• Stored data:
====================

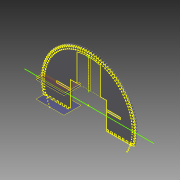
# Autodesk Inventor part: Spur Gear2
Saved by Autodesk Inventor 2013 (Build 170138000, 138)
## iProperties
Created: 2013-02-22
Part Number: Spur Gear2
Material: Steel
Document SubType Name: Modeling
Designer: Nano
Categories: <?xml version="1.0" encoding="UTF-16"?> <MemberInstance><Categories><FamilyTemplate><FamilyTemplateParameter ValueType="xs:double" Id="1" ObjectReferenceKey="da_z" ObjectType="kUserParameterObject"/><FamilyTemplateParameter ValueType="xs:double" Id="2" ObjectReferenceKey="da_b" ObjectType="kUserParameterObject"/><FamilyTemplateParameter ValueType="xs:double" Id="3" ObjectReferenceKey="da_beta" ObjectType="kUserParameterObject"/><FamilyTemplateParameter ValueType="xs:double" Id="4" ObjectReferenceKey="da_da" ObjectType="kUserParameterObject"/><FamilyTemplateParameter ValueType="xs:double" Id="5" ObjectReferenceKey="da_aw" ObjectType="kUserParameterObject"/><FamilyTemplateParameter ValueType="xs:string" Id="6" ObjectReferenceKey="EAIAABAAAAC/AAAAAAAAAIAAAAAAAAAA" ObjectType="83910656" SubObjectId="SurfaceGeometry"/></FamilyTemplate><ParamToTemplateMap><ParamToTemplate CategoryParameter="//CategoryParameter[@InternalName='046C89C9-8512-4d59-83FE-43B91F4F132A']" TemplateParameter="1"/><ParamToTemplate CategoryParameter="//CategoryParameter[@InternalName='2552DF32-E462-4b46-AEBF-C6C7768E72AC']" TemplateParameter="2"/><ParamToTemplate CategoryParameter="//CategoryParameter[@InternalName='C9EE641D-15FC-4fae-A226-E94C4372FDD7']" TemplateParameter="3"/><ParamToTemplate><ParamToTemplate CategoryParameter="//CategoryParameter[@InternalName='00B6519A-459B-49c7-AD84-2E56D39A5744']" ConstantValue="0.000000"/></ParamToTemplate><ParamToTemplate><ParamToTemplate CategoryParameter="//CategoryParameter[@InternalName='04B31F0E-C7A6-4894-AA32-9629BEFACF47']" ConstantValue="1.000000"/></ParamToTemplate><ParamToTemplate><ParamToTemplate CategoryParameter="//CategoryParameter[@InternalName='43CBEC2E-7847-49e7-A936-2F7889FCB2D9']" ConstantValue="0.250000"/></ParamToTemplate><ParamToTemplate><ParamToTemplate CategoryParameter="//CategoryParameter[@InternalName='B1EFC894-105D-4ebd-86BF-FA20ED196853']" ConstantValue="0.350000"/></ParamToTemplate><ParamToTemplate><ParamToTemplate CategoryParameter="//CategoryParameter[@InternalName='51175063-3D10-4879-93E8-6246FE8B403D']" ConstantValue="2060110000.000000"/></ParamToTemplate><ParamToTemplate><ParamToTemplate CategoryParameter="//CategoryParameter[@InternalName='A3A52E27-4454-46a9-B0BD-C932399B70AF']" ConstantValue="0.300000"/></ParamToTemplate><ParamToTemplate><ParamToTemplate CategoryParameter="//CategoryParameter[@InternalName='91B76062-C214-41d9-B1B9-14D2AB99603D']" ConstantValue="0.254000"/></ParamToTemplate><ParamToTemplate><ParamToTemplate CategoryParameter="//CategoryParameter[@InternalName='374E806E-8B8A-4dda-A9AA-1039D6500AD2']" ConstantValue="3.937008"/></ParamToTemplate><ParamToTemplate><ParamToTemplate CategoryParameter="//CategoryParameter[@InternalName='2D373A89-B862-43d6-8D0B-0CBF12AB9F6C']" ConstantValue="0.349066"/></ParamToTemplate><ParamToTemplate CategoryParameter="//CategoryParameter[@InternalName='37777632-D6A2-4fac-9D53-DB8ACD95C989']" TemplateParameter="4"/><ParamToTemplate CategoryParameter="//CategoryParameter[@InternalName='FD1017F1-B727-4f7e-9707-0F86F1FF9423']" TemplateParameter="5"/><ParamToTemplate><ParamToTemplate CategoryParameter="//CategoryParameter[@InternalName='9E1B4470-B2D3-4ff1-B813-535BB4CDF51A']" ConstantValue="3520790.000000"/></ParamToTemplate><ParamToTemplate><ParamToTemplate CategoryParameter="//CategoryParameter[@InternalName='F8452263-BFF6-458c-9FB1-07C4B99E95CD']" ConstantValue="11389170.000000"/></ParamToTemplate><ParamToTemplate><ParamToTemplate CategoryParameter="//CategoryParameter[@InternalName='3E3BB259-FD49-497f-8171-6EBC954A3479']" ConstantValue="2.000000"/></ParamToTemplate><ParamToTemplate CategoryParameter="//CategoryParameter[@InternalName='27C3BAF2-7550-4e4b-AE2C-0DB134B7D9B7']" TemplateParameter="6"/></ParamToTemplateMap><Category DisplayName="Gear" InternalName="DC85795E-93AB-48d5-8EEE-5A27447B64BD" Mnemonic="Gear"><CategoryParameter DisplayName="z" InternalName="046C89C9-8512-4d59-83FE-43B91F4F132A" Mnemonic="z"/><CategoryParameter DisplayName="b" InternalName="2552DF32-E462-4b46-AEBF-C6C7768E72AC" Mnemonic="b"/><CategoryParameter DisplayName="||b|" InternalName="C9EE641D-15FC-4fae-A226-E94C4372FDD7" Mnemonic="beta"/><CategoryParameter DisplayName="x" InternalName="00B6519A-459B-49c7-AD84-2E56D39A5744" Mnemonic="x"/><CategoryParameter DisplayName="a*" InternalName="04B31F0E-C7A6-4894-AA32-9629BEFACF47" Mnemonic="a"/><CategoryParameter DisplayName="c*" InternalName="43CBEC2E-7847-49e7-A936-2F7889FCB2D9" Mnemonic="c"/><CategoryParameter DisplayName="r|.f|*" InternalName="B1EFC894-105D-4ebd-86BF-FA20ED196853" Mnemonic="rf"/><CategoryParameter DisplayName="E" InternalName="51175063-3D10-4879-93E8-6246FE8B403D" Mnemonic="E"/><CategoryParameter DisplayName="||m|" InternalName="A3A52E27-4454-46a9-B0BD-C932399B70AF" Mnemonic="mi"/><Category DisplayName="SpurGear" InternalName="26C5A22E-A91E-4dfd-A3B3-23CCAFAE1764" Mnemonic="SpurGear"><CategoryParameter DisplayName="m" InternalName="91B76062-C214-41d9-B1B9-14D2AB99603D" Mnemonic="m"/><CategoryParameter DisplayName="P" InternalName="374E806E-8B8A-4dda-A9AA-1039D6500AD2" Mnemonic="PP"/><CategoryParameter DisplayName="||a|" InternalName="2D373A89-B862-43d6-8D0B-0CBF12AB9F6C" Mnemonic="alpha"/><CategoryParameter DisplayName="d|.a|" InternalName="37777632-D6A2-4fac-9D53-DB8ACD95C989" Mnemonic="da"/><CategoryParameter DisplayName="a|.w|" InternalName="FD1017F1-B727-4f7e-9707-0F86F1FF9423" Mnemonic="aw"/><CategoryParameter DisplayName="||s||.Flim|" InternalName="9E1B4470-B2D3-4ff1-B813-535BB4CDF51A" Mnemonic="sFlim"/><CategoryParameter DisplayName="||s||.Hlim|" InternalName="F8452263-BFF6-458c-9FB1-07C4B99E95CD" Mnemonic="sHlim"/><CategoryParameter DisplayName="type" InternalName="3E3BB259-FD49-497f-8171-6EBC954A3479" Mnemonic="type"/><CategoryParameter DisplayName="PitchDiameter" InternalName="27C3BAF2-7550-4e4b-AE2C-0DB134B7D9B7" Mnemonic="IDS_PITCHDIAM"/></Category></Category></Categories></MemberInstance>
Density: 1 g/cm^3
CustomPartVersion: 1
Author: Nano
Autodesk Inventor part; units mm, degrees
(part 1 of 2)
ref_plane "YZ Plane" through (0, 0, 0) normal (1, 0, 0) x (0, 1, 0)
ref_plane "XZ Plane" through (0, 0, 0) normal (0, 1, 0) x (-1, 0, 0)
ref_plane "XY Plane" through (0, 0, 0) normal (0, 0, 1) x (1, 0, 0)
sketch "Sketch1" plane through (0, 0, 0) normal (0, 0, 1) x (1, 0, 0)
  circle A0 centre (0, 0) radius 154.94
  dimension "d0" = 309.88
  constraints: 1 centre point
  measures "d0" diameter of A0
extrude "Extrusion1" add sketch "Sketch1" along normal blind 6.35
sketch "Sketch2" plane through (0, 0, 0) normal (0, 0, -1) x (-1, 0, 0)
  circle A0 centre (0, 0) radius 154.94 projected
  circle A1 centre (0, 0) radius 152.4
  dimension "d3" = 304.8
  constraints: 1 centre point, 1 coincident
  measures "d3" diameter of A1
surface extrude "Pitch Diameter" sketch "Sketch2" against normal through all shown no curves A1
ref_plane "Work Plane1" through (0, 0, 0) normal (1, 0, 0) x (0, 1, 0)
ref_plane "Work Plane2" through (0, 0, 0) normal (0.9996573, 0.0261769, 0) x (0, 0, 1)
ref_plane "Work Plane3" through (0, 0, 3.175) normal (0, 0, -1) x (-1, 0, 0)
spur gear teeth "Spur Gear" teeth 120 pitch diameter 304.8 tip diameter 309.88 root diameter 298.45 face width 6.35 start plane through (0, 0, 0) normal (0, 0, -1) x (-1, 0, 0)
sketch "Sketch3" plane through (0, 0, 6.35) normal (0, 0, 1) x (1, 0, 0)
  line L0 (-226.2292, -43.1165) -> (223.5893, -43.1165)
  constraints: 2 end point
split body "Split1" sketch "Sketch3" result one side removed curves L0 removed pieces at (21.5954, -83.6344, 0.5)
sketch "Sketch4" plane through (0, 0, 6.35) normal (0, 0, 1) x (1, 0, 0)
  line L0 (-142.8603, -43.1165) -> (142.8603, -43.1165) projected
  line L1 (-59.5312, -44.45) -> (59.5312, -44.45)
  line L2 (59.5312, -44.45) -> (59.5312, 44.45)
  line L3 (59.5312, 44.45) -> (38.1, 44.45)
  line L4 (-59.5312, 44.45) -> (-59.5312, -44.45)
  line L5 (-59.5312, -44.45) -> (59.5312, 44.45) construction
  line L6 (59.5312, -44.45) -> (-59.5312, 44.45) construction
  line L7 (-38.1, -3.175) -> (38.1, -3.175)
  line L8 (38.1, -3.175) -> (38.1, 133.985)
  line L9 (38.1, 133.985) -> (-38.1, 133.985)
  line L10 (-38.1, 133.985) -> (-38.1, -3.175)
  line L11 (-38.1, -3.175) -> (38.1, 133.985) construction
  line L12 (38.1, -3.175) -> (-38.1, 133.985) construction
  arc A0 (-133.0152, -43.1165) -> (38.1, 133.985) centre (0, -0.4192) ccw
  arc A1 (-38.1, 133.985) -> (-133.0152, -43.1165) centre (0, -0.4192) ccw
  arc A2 (38.1, 133.985) -> (-38.1, 133.985) centre (0, -0.4192) ccw
  line L13 (-38.1, 44.45) -> (-59.5312, 44.45)
  line L14 (38.1, 44.45) -> (-38.1, 44.45)
  point P0 (0, 0)
  point P1 (0, 65.405)
  dimension "d20" = 119.0625
  dimension "d21" = 88.9
  dimension "d22" = 76.2
  dimension "d23" = 137.16
  dimension "d24" = 279.4
  constraints: 28 end point, 6 parallel, 6 point on circle, 4 midpoint, 3 centre point, 3 point on line, 2 perpendicular
  measures "d20" distance of L1.start L1.end
  measures "d21" distance of L2.end L1.end
  measures "d22" distance of L7.start L7.end
  measures "d23" distance of L8.end L7.end
  measures "d24" diameter of A0
extrude "Extrusion2" cut sketch "Sketch4" against normal through all contours L4 L13 L10 L7 L8 L3 L2 L0 | L0 L2 L1 L4 | A2 L9 | L9 L8 L14 L10 | L14 L8 L7 L10
ref_plane "Work Plane4" through (-93.1308, -43.1165, 3.175) normal (0, -1, 0) x (1, 0, 0)
sketch "Sketch5" plane through (-93.1308, -43.1165, 3.175) normal (0, -1, 0) x (1, 0, 0)
  line L0 (-36.2504, 3.175) -> (-36.2504, -3.175) projected
  line L1 (-36.2504, -3.175) -> (-42.6004, -3.175) projected
  line L2 (-42.6004, -3.175) -> (-42.6004, 3.175) projected
  line L3 (-42.6004, 3.175) -> (-36.2504, 3.175) projected
  line L4 (-23.5504, 3.175) -> (-23.5504, -3.175) projected
  line L5 (-23.5504, -3.175) -> (-29.9004, -3.175) projected
  line L6 (-29.9004, -3.175) -> (-29.9004, 3.175) projected
  line L7 (-29.9004, 3.175) -> (-23.5504, 3.175) projected
  line L8 (-10.8504, 3.175) -> (-10.8504, -3.175) projected
  line L9 (-10.8504, -3.175) -> (-17.2004, -3.175) projected
  line L10 (-17.2004, -3.175) -> (-17.2004, 3.175) projected
  line L11 (-17.2004, 3.175) -> (-10.8504, 3.175) projected
  line L12 (1.8496, 3.175) -> (1.8496, -3.175) projected
  line L13 (1.8496, -3.175) -> (-4.5004, -3.175) projected
  line L14 (-4.5004, -3.175) -> (-4.5004, 3.175) projected
  line L15 (-4.5004, 3.175) -> (1.8496, 3.175) projected
  line L16 (14.5496, 3.175) -> (14.5496, -3.175) projected
  line L17 (14.5496, -3.175) -> (8.1996, -3.175) projected
  line L18 (8.1996, -3.175) -> (8.1996, 3.175) projected
  line L19 (8.1996, 3.175) -> (14.5496, 3.175) projected
  line L20 (27.2496, 3.175) -> (27.2496, -3.175) projected
  line L21 (27.2496, -3.175) -> (20.8996, -3.175) projected
  line L22 (20.8996, -3.175) -> (20.8996, 3.175) projected
  line L23 (20.8996, 3.175) -> (27.2496, 3.175) projected
  line L24 (-49.7295, -3.175) -> (33.5996, -25.4) projected
  line L25 (33.5996, -25.4) -> (33.5996, 25.4) projected
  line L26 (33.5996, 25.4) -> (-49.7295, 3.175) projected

====================

• EXERCISE DETAILS: For the records above, how many lines contain the word "distance"? Reply with the number only.

• OUTPUT OF THE EXERCISE: 4